Rheumatoid arthritis, or RA, is a disease in which the body's own immune system attacks the joint lining. The potentially crippling illness can cause pain and joint stiffness on both sides of the body. Treatment typically involves the use of drugs that reduce pain and swelling, such as prednisone.
Dr. Goekoop-Ruiterman of Leiden University Medical Center and colleagues evaluated survey responses from 440 adults who had taken part in a clinical trial of treatments for RA that included methotrexate and prednisone -- two older RA drugs -- and infliximab (Remicade) -- a newer anti-RA drug.
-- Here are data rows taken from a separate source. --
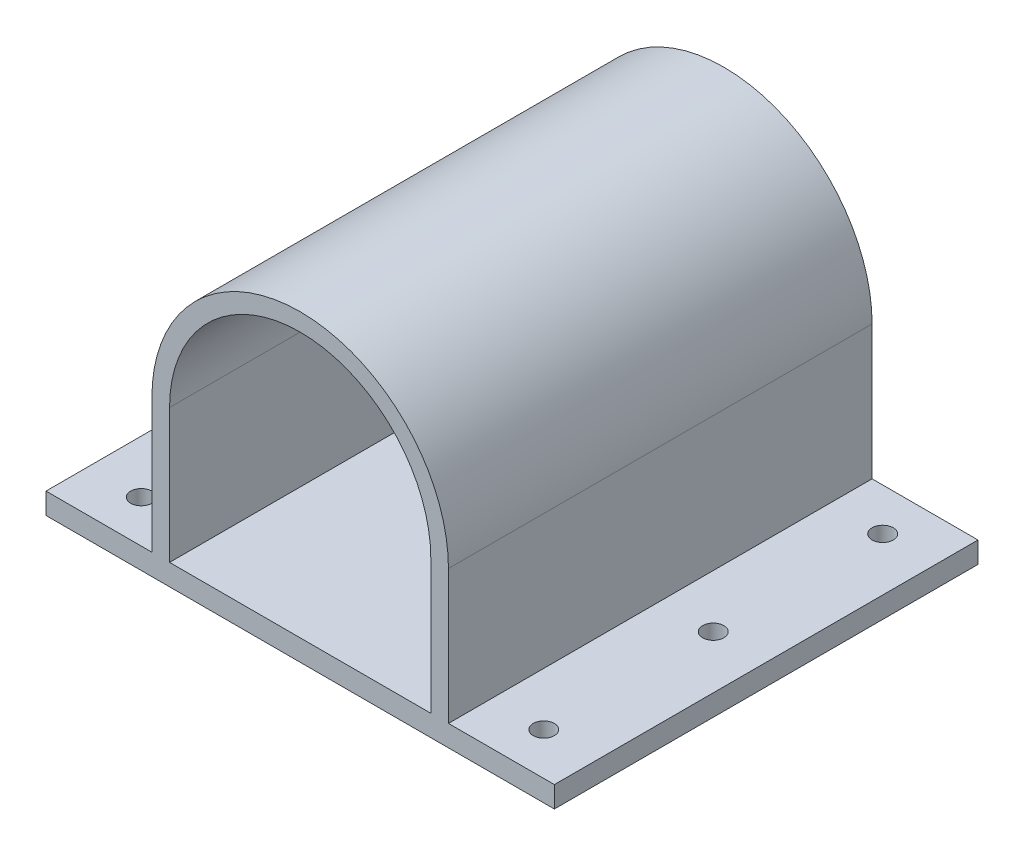
SolidWorks part; units mm, degrees
ref_plane "Front Plane" through (0, 0, 0) normal (0, 0, 1) x (1, 0, 0)
ref_plane "Top Plane" through (0, 0, 0) normal (0, 1, 0) x (1, 0, 0)
ref_plane "Right Plane" through (0, 0, 0) normal (1, 0, 0) x (0, 0, -1)
sketch "Sketch1" plane through (0, 0, 0) normal (0, 0, 1) x (1, 0, 0)
  line L0 (-21, 0) -> (-21, -19)
  line L1 (-21, -19) -> (-36, -19)
  line L2 (-36, -19) -> (-36, -22)
  line L3 (-36, -22) -> (36, -22)
  line L4 (36, -22) -> (36, -19)
  line L5 (36, -19) -> (21, -19)
  line L6 (21, -19) -> (21, 0)
  line L7 (0, 0) -> (0, -7) construction
  line L8 (0, 0) -> (-15.5, 0) construction
  arc A0 (21, 0) -> (-21, 0) centre (0, 0) ccw
  circle A1 centre (0, -7) radius 6.15
  circle A2 centre (-15.5, 0) radius 1.65
  circle A3 centre (-7.75, 13.4234) radius 1.65
  circle A4 centre (7.75, 13.4234) radius 1.65
  circle A5 centre (15.5, 0) radius 1.65
  circle A6 centre (7.75, -13.4234) radius 1.65
  circle A7 centre (-7.75, -13.4234) radius 1.65
  point P27 (0, 0)
  dimension "D1" = 42
  dimension "D6" = 12.3
  dimension "D7" = 3.3
  dimension "D2" = 7
  dimension "D3" = 15
  dimension "D4" = 72
  dimension "D5" = 3
  dimension "D8" = 15.5
  dimension "D9" = 6
extrude "Boss-Extrude1" add sketch "Sketch1" along normal blind 60
sketch "Sketch2" plane through (0, 0, 60) normal (0, 0, 1) x (1, 0, 0)
  line L0 (-18.5, 0) -> (-18.5, -19)
  line L2 (-18.5, -19) -> (18.5, -19)
  line L3 (18.5, -19) -> (18.5, 0)
  line L5 (-21, -19) -> (-36, -19) construction
  arc A0 (18.5, 0) -> (-18.5, 0) centre (0, 0) ccw
  arc A1 (-18.5, 0) -> (18.5, 0) centre (0, 0) ccw construction
  dimension "D1" = 37
extrude "Cut-Extrude1" cut sketch "Sketch2" against normal blind 57
sketch "Sketch3" plane through (0, -19, 0) normal (0, 1, 0) x (1, 0, 0)
  line L0 (0, 0) -> (0, -60) construction
  line L1 (-21, -60) -> (21, -60) construction
  line L2 (-28.5, 0) -> (-28.5, -60) construction
  line L3 (-21, 0) -> (-36, 0) construction
  line L4 (-21, -60) -> (-36, -60) construction
  circle A0 centre (-28.5, -30) radius 1.5
  circle A1 centre (-28.5, -6) radius 1.5
  circle A2 centre (-28.5, -54) radius 1.5
  circle A3 centre (28.5, -54) radius 1.5
  circle A4 centre (28.5, -6) radius 1.5
  circle A5 centre (28.5, -30) radius 1.5
  dimension "D1" = 24
  dimension "D2" = 24
  dimension "D3" = 3
extrude "Cut-Extrude2" cut sketch "Sketch3" against normal through all

The patients had had therapy for an average of 2.2 years.
Despite similar outcomes in terms of disease activity in all treatment groups, only 46 percent of those in the initial prednisone group reported considerable improvement in general health. In the infliximab group, on the other hand, 74 percent reported much or very much improvement.
Almost half of the respondents expressed no preference or aversion to a particular treatment group. One third wanted to be in the infliximab group, and about 38 percent had hoped not to start with prednisone.
Half of the patients in the prednisone group disliked taking the drug. In contrast, only 8 percent of the infliximab group disliked having to go to the hospital for injections of the drug.
"The dislike of prednisone," say the investigators, "revolves around (mis)information about possible side effects, whereas for the newer TNF-blocking agents information appears to focus on the efficacy and less on possible (future) side effects."
Thus, there is a need for better patient education about the efficacy and toxicity of both steroids and TNF-blockers, they conclude.